PROBLEM TO WORK ON: Give the count of lines in the entries below that contain the string "dimension", and only that count.

RECORDS PROVIDED:
......
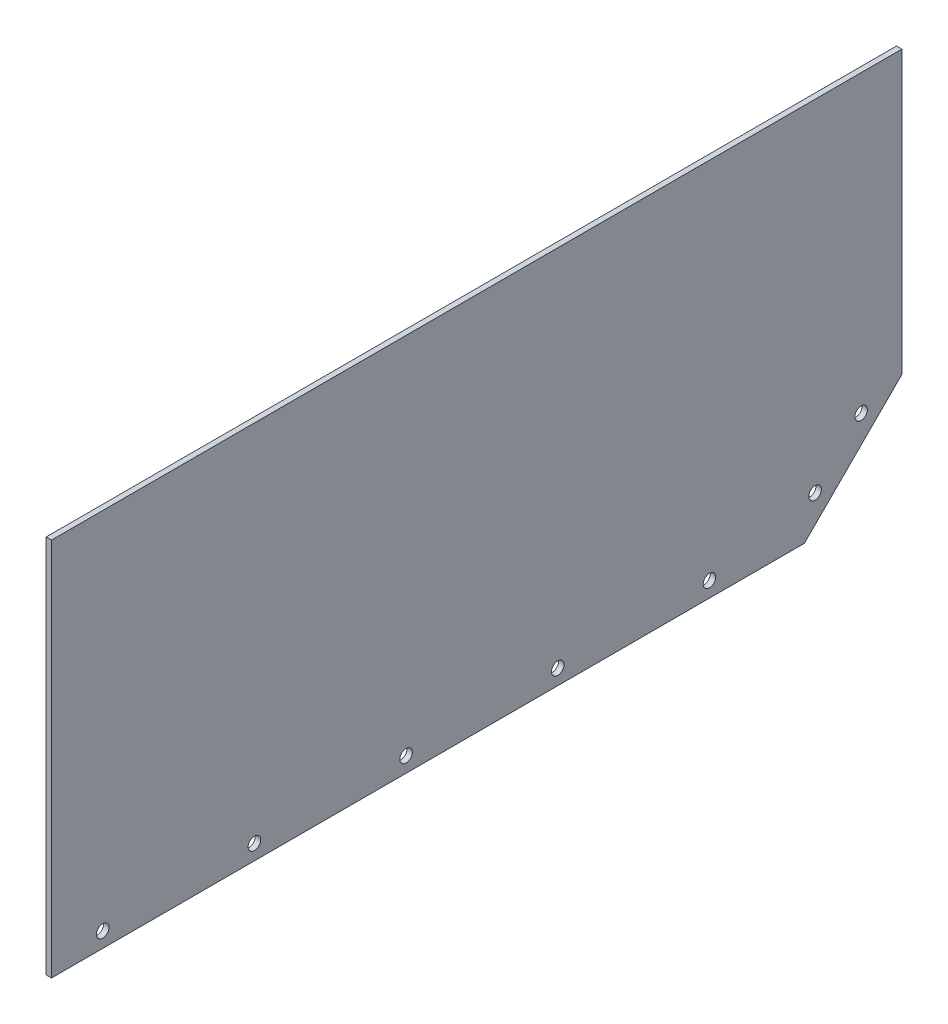
SolidWorks part; units mm, degrees
material "6061-T6 (SS)"
ref_plane "X-Y Datum" through (0, 0, 0) normal (0, 0, 1) x (1, 0, 0)
ref_plane "X-Z Datum" through (0, 0, 0) normal (0, 1, 0) x (1, 0, 0)
ref_plane "Y-Z Datum" through (0, 0, 0) normal (1, 0, 0) x (0, 0, -1)
sketch "Sketch1" plane through (0, 0, 0) normal (1, 0, 0) x (0, 0, -1)
  line L1 (-249.174, 82.55) -> (249.174, 82.55)
  line L2 (-249.174, 82.55) -> (-249.174, -82.55)
  line L3 (-249.174, -82.55) -> (249.174, -82.55)
  line L4 (249.174, 82.55) -> (249.174, -82.55)
  line L5 (-249.174, 82.55) -> (249.174, -82.55) construction
  line L6 (-249.174, -82.55) -> (249.174, 82.55) construction
  point P0 (0, 0)
  dimension "D1" = 165.1
  dimension "D2" = 498.348
extrude "Boss-Extrude1" add sketch "Sketch1" along normal mid plane 3.175
sketch "Sketch2" plane through (1.5875, 0, 0) normal (1, 0, 0) x (0, 0, -1)
  line L3 (192.024, -139.7) -> (-249.174, -139.7)
  line L5 (-249.174, -82.55) -> (249.174, -82.55) construction
  line L6 (-249.174, -82.55) -> (249.174, -82.55)
  line L7 (-249.174, -82.55) -> (-249.174, -139.7)
  line L12 (192.024, -139.7) -> (249.174, -82.55)
  line M10 (-249.174, -82.55) -> (249.174, -82.55)
  dimension "D1" = 45
  dimension "D5" = 57.15
extrude "Boss-Extrude2" add sketch "Sketch2" against normal blind 3.175 contours L3 L12 M10 region at (1.5875, -110.5456, 13.9978)
sketch "Sketch3" plane through (1.5875, 0, 0) normal (1, 0, 0) x (0, 0, -1)
  line L0 (-219.202, -139.7) -> (-219.202, -130.81)
  line L1 (192.024, -139.7) -> (-249.174, -139.7) construction
  line L2 (-219.202, -130.81) -> (-249.174, -130.81)
  line L3 (-249.174, 82.55) -> (-249.174, -139.7) construction
  circle A0 centre (-219.202, -130.81) radius 3.675
  dimension "D1" = 29.972
  dimension "D2" = 8.89
extrude "Cut-Extrude1" cut sketch "Sketch3" against normal blind 3.175 contours L2 A0 L0 | L0 A0 L2 region at (1.5875, -132.3697, 220.7617) region at (1.5875, -130.2901, 218.6821)
pattern_linear "LPattern1" count 5 spacing 88.9 along (0, 0, -1) of "Cut-Extrude1"
sketch "Sketch4" plane through (1.5875, 0, 0) normal (1, 0, 0) x (0, 0, -1)
  line L0 (192.024, -139.7) -> (183.9418, -131.6178)
  line L1 (183.9418, -131.6178) -> (198.3102, -117.2494)
  circle A0 centre (198.3102, -117.2494) radius 3.675
extrude "Cut-Extrude2" cut sketch "Sketch4" against normal through all contours A0 region at (1.5875, -120.5486, -199.6768)
pattern_linear "LPattern2" count 2 spacing 38.1 along (0, 0.7071, -0.7071) of "Cut-Extrude2"
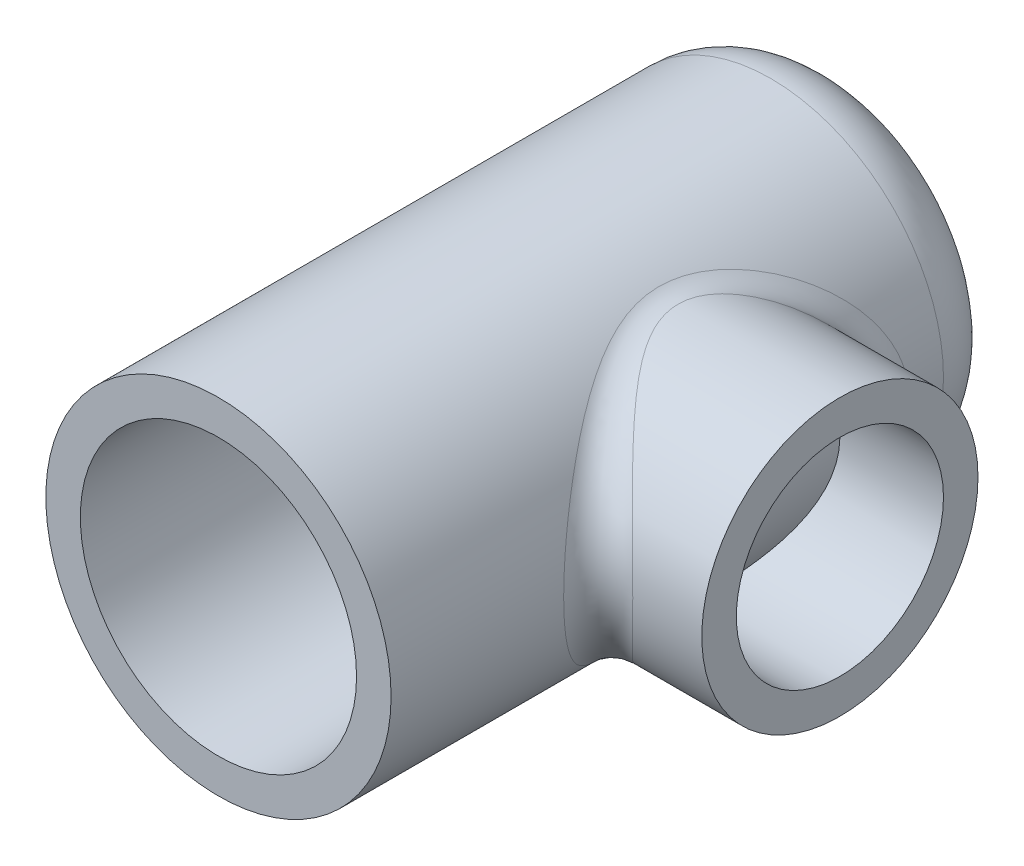
SolidWorks part; units mm, degrees
ref_plane "Front Plane" through (0, 0, 0) normal (0, 0, 1) x (1, 0, 0)
ref_plane "Top Plane" through (0, 0, 0) normal (0, 1, 0) x (1, 0, 0)
ref_plane "Right Plane" through (0, 0, 0) normal (1, 0, 0) x (0, 0, -1)
sketch "Sketch1" plane through (0, 0, 0) normal (0, 1, 0) x (1, 0, 0)
  line L0 (0, 0) -> (0, -80) construction
  line L1 (0, 0) -> (0, -30) construction
  line L2 (0, -30) -> (40, -30) construction
  dimension "D1" = 80
  dimension "D2" = 30
  dimension "D3" = 40
ref_plane "Plane1" through (0, 0, 80) normal (0, 0, 1) x (1, 0, 0)
sketch "Sketch2" plane through (0, 0, 80) normal (0, 0, 1) x (1, 0, 0)
  circle A0 centre (0, 0) radius 25
  circle A1 centre (0, 0) radius 20
extrude "Boss-Extrude1" add sketch "Sketch2" against normal up to vertex (80 mm away) up to point (0, 0, 0)
ref_plane "Plane2" through (40, 0, 30) normal (1, 0, 0) x (0, 0, -1)
sketch "Sketch3" plane through (40, 0, 30) normal (1, 0, 0) x (0, 0, -1)
  circle A0 centre (0, 0) radius 20
  circle A1 centre (0, 0) radius 15
extrude "Boss-Extrude2" add sketch "Sketch3" against normal up to surface (15 mm away) up to face at (25, 0, 0)
sketch "Sketch4" plane through (0, 0, 0) normal (0, 0, -1) x (-1, 0, 0)
  circle A0 centre (0, 0) radius 25
extrude "Boss-Extrude3" add sketch "Sketch4" along normal blind 10
fillet "Fillet1" radius 10 1 edges at (-25, 0, -10)
fillet "Fillet2" radius 5 1 edges at (24.89, -2.3429, 49.8623)
......
REPLY TO THE TASK: 9